AIM OF THE TASK -> In the records below, find each line containing the word "None" and copy it.

EXCERPTED DATA ->
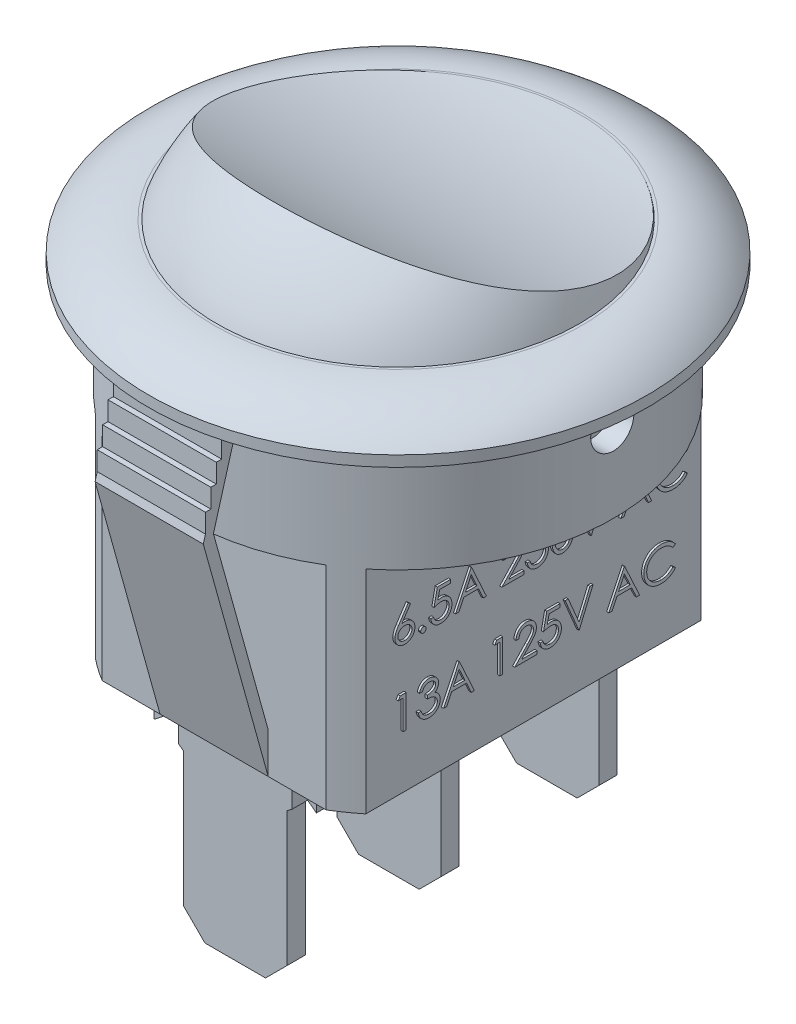
from build123d import *

# Parameters (mm, degrees)
SKETCH2_OUTSIDE_W       = 32.322
SKETCH2_OUTSIDE_H       = 32.322
SKETCH2_OUTSIDE_W_2     = 12.5
SKETCH2_OUTSIDE_H_2     = 17
CUT_EXTRUDE1_DEPTH      = 9.8
BOSS_EXTRUDE1_DEPTH     = 2.5
BOSS_EXTRUDE2_DEPTH     = 0.425
LPATTERN1_COUNT         = 2
LPATTERN1_PITCH         = 7.1
LPATTERN2_COUNT         = 2
LPATTERN2_PITCH         = 7.3
SKETCH7_R               = 1
CUT_EXTRUDE3_DEPTH      = 1
CUT_EXTRUDE2_DEPTH      = 24.890374631
CUT_EXTRUDE2_DEPTH_BACK = 24.890374631
BOSS_EXTRUDE3_DEPTH     = 0.1


with BuildPart() as part:
    # Sketch1 → Revolve1 (revolve)
    with BuildSketch(Plane.XY, mode=Mode.PRIVATE) as revolve1_sk:
        with BuildLine():
            Line((0, -8.4), (9.95, -8.4))
            Line((9.95, -8.4), (9.95, 6.6))
            Line((9.95, 6.6), (11.5, 6.6))
            Line((11.5, 6.6), (11.5, 7.1))
            ThreePointArc((11.5, 7.1), (10.134778272, 8.061026783), (8.5, 8.4))
            Line((8.5, 8.4), (0, 8.4))
            Line((0, 8.4), (0, -8.4))
        make_face()
    revolve(revolve1_sk.sketch.rotate(Axis((0, -12.991468783, 0), (0, 1, 0)), 90), axis=Axis((0, -12.991468783, 0), (0, 1, 0)))

    # Sketch2 outside → Cut-Extrude1 (cut)
    with BuildSketch(Plane.XZ.offset(8.4)):
        Rectangle(SKETCH2_OUTSIDE_W, SKETCH2_OUTSIDE_H)
        Rectangle(SKETCH2_OUTSIDE_W_2, SKETCH2_OUTSIDE_H_2, mode=Mode.SUBTRACT)
    extrude(amount=-CUT_EXTRUDE1_DEPTH, mode=Mode.SUBTRACT)

    # Sketch3 → Boss-Extrude1 (add, symmetric)
    with BuildSketch(Plane(origin=(0, 0, 0), x_dir=(0, 0, -1), z_dir=(1, 0, 0))):
        Polygon((-8.5, -8.4), (-11.5, 2.4), (-11.4, 2.75), (-11.4, 3.625), (-11.15, 3.625), (-11.15, 4.5), (-10.9, 4.5), (-10.9, 5.375), (-10.65, 5.375), (-10.65, 6.25), (-10.4, 6.25), (-10.3, 6.6), (-9.883993721, 6.6), (-11.031806176, 2.582656405), (-8.5, -6.531845831), align=None)
    boss_extrude1 = extrude(amount=BOSS_EXTRUDE1_DEPTH, both=True)

    # Mirror1: Boss-Extrude1 across plane
    add(boss_extrude1.mirror(Plane.XY))

    # Sketch4 → Boss-Extrude2 (add, symmetric)
    with BuildSketch(Plane.XY):
        Polygon((-3.75, -8.4), (-3.75, -9.723134167), (-2.625, -8.848968239), (-2.625, -10.134250504), (-2.4, -10.3), (-2.4, -16.5), (-1.4, -17.5), (1.4, -17.5), (2.4, -16.5), (2.4, -10.3), (2.625, -10.134250504), (2.625, -8.848968239), (3.75, -9.723134167), (3.75, -8.4), align=None)
    boss_extrude2 = extrude(amount=BOSS_EXTRUDE2_DEPTH, both=True)

    # LPattern1: Boss-Extrude2 ×2
    with Locations(*[(0, 0, i * LPATTERN1_PITCH) for i in range(1, LPATTERN1_COUNT)]):
        add(boss_extrude2)

    # LPattern2: Boss-Extrude2 ×2
    with Locations(*[(0, 0, -i * LPATTERN2_PITCH) for i in range(1, LPATTERN2_COUNT)]):
        add(boss_extrude2)

    # Sketch7 → Cut-Extrude3 (cut)
    with BuildSketch(Plane.ZY.offset(9.95)):
        with Locations((0, 5.1)):
            Circle(SKETCH7_R)
    cut_extrude3 = extrude(amount=-CUT_EXTRUDE3_DEPTH, mode=Mode.SUBTRACT)

    # Sketch5 → Revolve2 (revolve)
    with BuildSketch(Plane.XY, mode=Mode.PRIVATE) as revolve2_sk:
        with BuildLine():
            Line((8.94427191, 4.1), (0, 4.1))
            Line((0, 4.1), (0, 14.1))
            ThreePointArc((0, 14.1), (6.708203932, 11.1), (8.94427191, 4.1))
        make_face()
    revolve(revolve2_sk.sketch.rotate(Axis((0, 0, 0), (0, 1, 0)), 83.396729411), axis=Axis((0, 0, 0), (0, 1, 0)))

    # Sketch6 → Cut-Extrude2 (cut, two sides: drawn at the far end of the back side and taken through both)
    with BuildSketch(Plane(origin=(0, 0, 0), x_dir=(0, 0, -1), z_dir=(1, 0, 0)).offset(-CUT_EXTRUDE2_DEPTH_BACK)):
        with BuildLine():
            ThreePointArc((8.358429318, 8.437163366), (2.199449615, 13.827108421), (-5.778408085, 12))
            ThreePointArc((-5.778408085, 12), (1.037203947, 9.21548018), (8.358429318, 8.437163366))
        make_face()
    extrude(amount=CUT_EXTRUDE2_DEPTH + CUT_EXTRUDE2_DEPTH_BACK, mode=Mode.SUBTRACT)

    # Mirror2: Cut-Extrude3 across plane
    add(cut_extrude3.mirror(Plane(origin=(0, 0, 0), x_dir=(0, 0, 1), z_dir=(1, 0, 0))), mode=Mode.SUBTRACT)

    # Sketch8 → Boss-Extrude3 (add)
    # profile 1 of 19: a face of its own
    with BuildSketch(Plane(origin=(6.25, 0, 0), x_dir=(0, 0, -1), z_dir=(1, 0, 0))):
        with BuildLine():
            Line((-5.880750015, -0.835001864), (-5.77708415, -0.916432152))
            Line((-5.77708415, -0.916432152), (-6.173418285, -1.522501864))
            add(Edge.make_bspline(
                [(-6.173418285, -1.522501864), (-6.147031023, -1.518295923), (-6.095559686, -1.510091761), (-6.043460015, -1.508738356), (-6.018069727, -1.508078787)],
                knots=[0, 0, 0, 0, 1.025318673, 2, 2, 2, 2], degree=3))
            add(Edge.make_bspline(
                [(-6.018069727, -1.508078787), (-6.002824371, -1.508488549), (-5.972814343, -1.509295154), (-5.928754285, -1.515502518), (-5.886416169, -1.525284709), (-5.845975478, -1.539544247), (-5.807287057, -1.557759542), (-5.770128888, -1.579590486), (-5.735199455, -1.606164349), (-5.702048949, -1.63584933), (-5.671951622, -1.668728038), (-5.645304741, -1.703614325), (-5.62292183, -1.740471846), (-5.604761578, -1.779281931), (-5.590659487, -1.819984757), (-5.580379068, -1.862528245), (-5.5743021, -1.906941733), (-5.573476889, -1.937146665), (-5.573057708, -1.952489844)],
                knots=[0, 0, 0, 0, 1.04369286, 2.054478336, 3.041073146, 4.015093852, 4.984733326, 5.965804835, 6.960378782, 7.985147595, 9.009457201, 10.008161701, 10.986880575, 11.956520048, 12.937015923, 13.931873656, 14.949455224, 16, 16, 16, 16], degree=3))
            add(Edge.make_bspline(
                [(-5.573057708, -1.952489844), (-5.57366761, -1.973481146), (-5.574867753, -2.01478706), (-5.586826522, -2.074948506), (-5.605409227, -2.132262441), (-5.631971025, -2.1858138), (-5.664963475, -2.235529187), (-5.705196729, -2.279580101), (-5.751243938, -2.31886726), (-5.803309709, -2.351720096), (-5.859342408, -2.378549975), (-5.91820755, -2.397820793), (-5.97933347, -2.409685138), (-6.020821159, -2.411172539), (-6.041807708, -2.411924941)],
                knots=[0, 0, 0, 0, 1.031375318, 2.029502543, 3.004789286, 3.987476834, 4.960371455, 5.9300674, 6.912260825, 7.929083631, 8.949397511, 9.960523116, 10.96833055, 12, 12, 12, 12], degree=3))
            add(Edge.make_bspline(
                [(-6.041807708, -2.411924941), (-6.061992008, -2.411269995), (-6.101973573, -2.409972663), (-6.160787628, -2.398415833), (-6.217300349, -2.379684217), (-6.271115798, -2.353878098), (-6.320967489, -2.321281862), (-6.365567048, -2.282040886), (-6.404692094, -2.236993972), (-6.437252646, -2.186148109), (-6.463077817, -2.131509556), (-6.482444928, -2.074536489), (-6.493757603, -2.015436496), (-6.495338413, -1.975373151), (-6.496134631, -1.955194171)],
                knots=[0, 0, 0, 0, 1.012016664, 2.004627821, 2.994792927, 3.992885782, 4.990978636, 5.973936114, 6.964471063, 7.975201453, 8.993600317, 9.990122807, 10.98767138, 12, 12, 12, 12], degree=3))
            add(Edge.make_bspline(
                [(-6.496134631, -1.955194171), (-6.495628297, -1.939746493), (-6.494594461, -1.908205285), (-6.487375865, -1.860434987), (-6.475776667, -1.811555952), (-6.462786562, -1.770089869), (-6.4490613, -1.736120645), (-6.437638783, -1.708733435), (-6.423421356, -1.680550118), (-6.408261336, -1.650604274), (-6.390794106, -1.61966766), (-6.371801685, -1.58722323), (-6.350758978, -1.553786976), (-6.336007479, -1.531096606), (-6.328466362, -1.519497056)],
                knots=[0, 0, 0, 0, 1.173818275, 2.396712641, 3.66331629, 4.989737886, 5.693666774, 6.447286557, 7.243889047, 8.091586357, 8.998013824, 9.943181721, 10.948533338, 12, 12, 12, 12], degree=3))
            Line((-6.328466362, -1.519497056), (-5.880750015, -0.835001864))
        make_face()
        with BuildLine():
            add(Edge.make_bspline(
                [(-6.046314919, -1.661924941), (-6.057741596, -1.662258388), (-6.080061214, -1.662909707), (-6.112807249, -1.666691958), (-6.143798642, -1.673814415), (-6.173445985, -1.6828857), (-6.201195001, -1.69535844), (-6.227247361, -1.710509211), (-6.251703812, -1.728346859), (-6.274308191, -1.748618678), (-6.294802332, -1.770813549), (-6.312451388, -1.794586201), (-6.327675274, -1.819363717), (-6.340053196, -1.845353121), (-6.3496918, -1.872544478), (-6.356663908, -1.900812727), (-6.360544087, -1.93034743), (-6.361189615, -1.950375645), (-6.361519246, -1.960602825)],
                knots=[0, 0, 0, 0, 1.129588631, 2.206414736, 3.251139165, 4.268635594, 5.265702196, 6.250456724, 7.242448911, 8.251968645, 9.246821453, 10.222880186, 11.173611482, 12.116736599, 13.062300278, 14.020270554, 14.989073742, 16, 16, 16, 16], degree=3))
            add(Edge.make_bspline(
                [(-6.361519246, -1.960602825), (-6.361250806, -1.970738531), (-6.360724433, -1.990613141), (-6.355944868, -2.019901361), (-6.348644118, -2.048086321), (-6.337783949, -2.075022721), (-6.324829568, -2.101121143), (-6.307727286, -2.125436265), (-6.288777235, -2.149444867), (-6.266125549, -2.17130264), (-6.241815537, -2.191641193), (-6.215843593, -2.209418445), (-6.188775038, -2.224626805), (-6.160244429, -2.236545847), (-6.13065655, -2.246327684), (-6.099764884, -2.253211175), (-6.067547946, -2.257102829), (-6.045724258, -2.257749198), (-6.034596169, -2.258078787)],
                knots=[0, 0, 0, 0, 0.989467248, 1.94019797, 2.891935182, 3.827694429, 4.772920941, 5.730924762, 6.725747692, 7.756678648, 8.79901574, 9.819492441, 10.826891316, 11.826466727, 12.835195252, 13.867842842, 14.912794438, 16, 16, 16, 16], degree=3))
            add(Edge.make_bspline(
                [(-6.034596169, -2.258078787), (-6.023468098, -2.257749172), (-6.001644446, -2.257102752), (-5.969427249, -2.253211466), (-5.938536541, -2.246326617), (-5.90894518, -2.236549715), (-5.880427424, -2.224612454), (-5.853382544, -2.20951306), (-5.827656218, -2.191531866), (-5.803330247, -2.171337397), (-5.780772844, -2.149320461), (-5.761368296, -2.12565058), (-5.744789768, -2.100924624), (-5.731317973, -2.075125529), (-5.72057742, -2.048070034), (-5.713239648, -2.019905724), (-5.708469953, -1.990611998), (-5.707942225, -1.970738145), (-5.707673092, -1.960602825)],
                knots=[0, 0, 0, 0, 1.087397944, 2.132534446, 3.165364764, 4.174271784, 5.174024072, 6.181601208, 7.194203697, 8.236725232, 9.267838612, 10.269026844, 11.221737037, 12.171628256, 13.107553087, 14.05945871, 15.010357665, 16, 16, 16, 16], degree=3))
            add(Edge.make_bspline(
                [(-5.707673092, -1.960602825), (-5.707908932, -1.950362303), (-5.708371809, -1.930263489), (-5.713607216, -1.900825939), (-5.720868233, -1.87240085), (-5.731832389, -1.845166872), (-5.746076622, -1.819231475), (-5.763426654, -1.794463646), (-5.783497756, -1.770673497), (-5.806682415, -1.748575151), (-5.831921087, -1.72836926), (-5.858756338, -1.710532307), (-5.886831184, -1.695478746), (-5.916117159, -1.682918559), (-5.946949823, -1.673854499), (-5.978831397, -1.666717395), (-6.012169644, -1.662919387), (-6.03478819, -1.662260645), (-6.046314919, -1.661924941)],
                knots=[0, 0, 0, 0, 0.978206639, 1.919901502, 2.851605144, 3.780102724, 4.718870031, 5.675451981, 6.667674623, 7.690630536, 8.733308323, 9.756129687, 10.767539656, 11.776269907, 12.797430371, 13.836405707, 14.897401972, 16, 16, 16, 16], degree=3))
        make_face(mode=Mode.SUBTRACT)
    # profile 2 of 19: a face of its own
    with BuildSketch(Plane(origin=(6.25, 0, 0), x_dir=(0, 0, -1), z_dir=(1, 0, 0))):
        with BuildLine():
            add(Edge.make_bspline(
                [(-5.178826938, -2.142694171), (-5.17047399, -2.143190529), (-5.154099012, -2.144163579), (-5.1304251, -2.150839296), (-5.108998817, -2.162693008), (-5.08991357, -2.178491341), (-5.074182223, -2.197646625), (-5.061906072, -2.218902015), (-5.055288506, -2.242774126), (-5.054322544, -2.259243987), (-5.053826938, -2.267694171)],
                knots=[0, 0, 0, 0, 1.020151414, 1.999887582, 2.974338812, 3.990962822, 5.007586832, 5.987933904, 6.967670073, 8, 8, 8, 8], degree=3))
            add(Edge.make_bspline(
                [(-5.053826938, -2.267694171), (-5.054339339, -2.275941313), (-5.055349785, -2.292204554), (-5.061890902, -2.31589661), (-5.074275781, -2.337165283), (-5.089805064, -2.356580485), (-5.109003535, -2.372412287), (-5.130475755, -2.384165149), (-5.154043437, -2.391318854), (-5.170464719, -2.392230125), (-5.178826938, -2.392694171)],
                knots=[0, 0, 0, 0, 1.009421747, 1.99056486, 2.972319754, 3.999869655, 5.017953583, 5.993804169, 6.978383603, 8, 8, 8, 8], degree=3))
            add(Edge.make_bspline(
                [(-5.178826938, -2.392694171), (-5.187195184, -2.392246915), (-5.203532191, -2.391373755), (-5.227011902, -2.384018266), (-5.248614889, -2.372522498), (-5.267809623, -2.356550965), (-5.283468967, -2.337265189), (-5.295308417, -2.315750134), (-5.302418481, -2.292272375), (-5.303353569, -2.275954671), (-5.303826938, -2.267694171)],
                knots=[0, 0, 0, 0, 1.022052826, 1.995314843, 2.982371812, 4.00089066, 5.028879526, 6.005146991, 6.990147033, 8, 8, 8, 8], degree=3))
            add(Edge.make_bspline(
                [(-5.303826938, -2.267694171), (-5.303371753, -2.259230152), (-5.302483059, -2.242705192), (-5.295293491, -2.219048431), (-5.283560829, -2.197547671), (-5.267701374, -2.178520566), (-5.248619532, -2.16258315), (-5.227064016, -2.150983953), (-5.203475642, -2.144109491), (-5.187185668, -2.143174127), (-5.178826938, -2.142694171)],
                knots=[0, 0, 0, 0, 1.032775665, 2.016367738, 2.991239715, 4.008302682, 5.025365648, 6.011011707, 6.979408107, 8, 8, 8, 8], degree=3))
        make_face()
    # profile 3 of 19: a face of its own
    with BuildSketch(Plane(origin=(6.25, 0, 0), x_dir=(0, 0, -1), z_dir=(1, 0, 0))):
        with BuildLine():
            Line((-3.919211554, -0.873463402), (-3.919211554, -1.027309556))
            Line((-3.919211554, -1.027309556), (-4.4294279, -1.027309556))
            Line((-4.4294279, -1.027309556), (-4.510257227, -1.421840806))
            add(Edge.make_bspline(
                [(-4.510257227, -1.421840806), (-4.494376138, -1.417456404), (-4.46360904, -1.408962318), (-4.418197671, -1.399531273), (-4.375086726, -1.393846083), (-4.347111568, -1.393069807), (-4.333574535, -1.392694171)],
                knots=[0, 0, 0, 0, 1.100273476, 2.13160584, 3.095893838, 4, 4, 4, 4], degree=3))
            add(Edge.make_bspline(
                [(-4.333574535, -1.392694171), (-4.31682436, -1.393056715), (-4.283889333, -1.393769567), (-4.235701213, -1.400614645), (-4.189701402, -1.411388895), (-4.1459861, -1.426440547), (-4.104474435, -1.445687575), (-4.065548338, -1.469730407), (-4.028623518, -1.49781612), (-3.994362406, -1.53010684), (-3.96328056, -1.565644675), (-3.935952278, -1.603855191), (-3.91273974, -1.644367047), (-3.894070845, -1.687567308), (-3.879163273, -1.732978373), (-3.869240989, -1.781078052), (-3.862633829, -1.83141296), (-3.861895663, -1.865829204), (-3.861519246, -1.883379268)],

RESPONSE AREA ->
        Polygon((-8.5, -8.4), (-11.5, 2.4), (-11.4, 2.75), (-11.4, 3.625), (-11.15, 3.625), (-11.15, 4.5), (-10.9, 4.5), (-10.9, 5.375), (-10.65, 5.375), (-10.65, 6.25), (-10.4, 6.25), (-10.3, 6.6), (-9.883993721, 6.6), (-11.031806176, 2.582656405), (-8.5, -6.531845831), align=None)
        Polygon((-3.75, -8.4), (-3.75, -9.723134167), (-2.625, -8.848968239), (-2.625, -10.134250504), (-2.4, -10.3), (-2.4, -16.5), (-1.4, -17.5), (1.4, -17.5), (2.4, -16.5), (2.4, -10.3), (2.625, -10.134250504), (2.625, -8.848968239), (3.75, -9.723134167), (3.75, -8.4), align=None)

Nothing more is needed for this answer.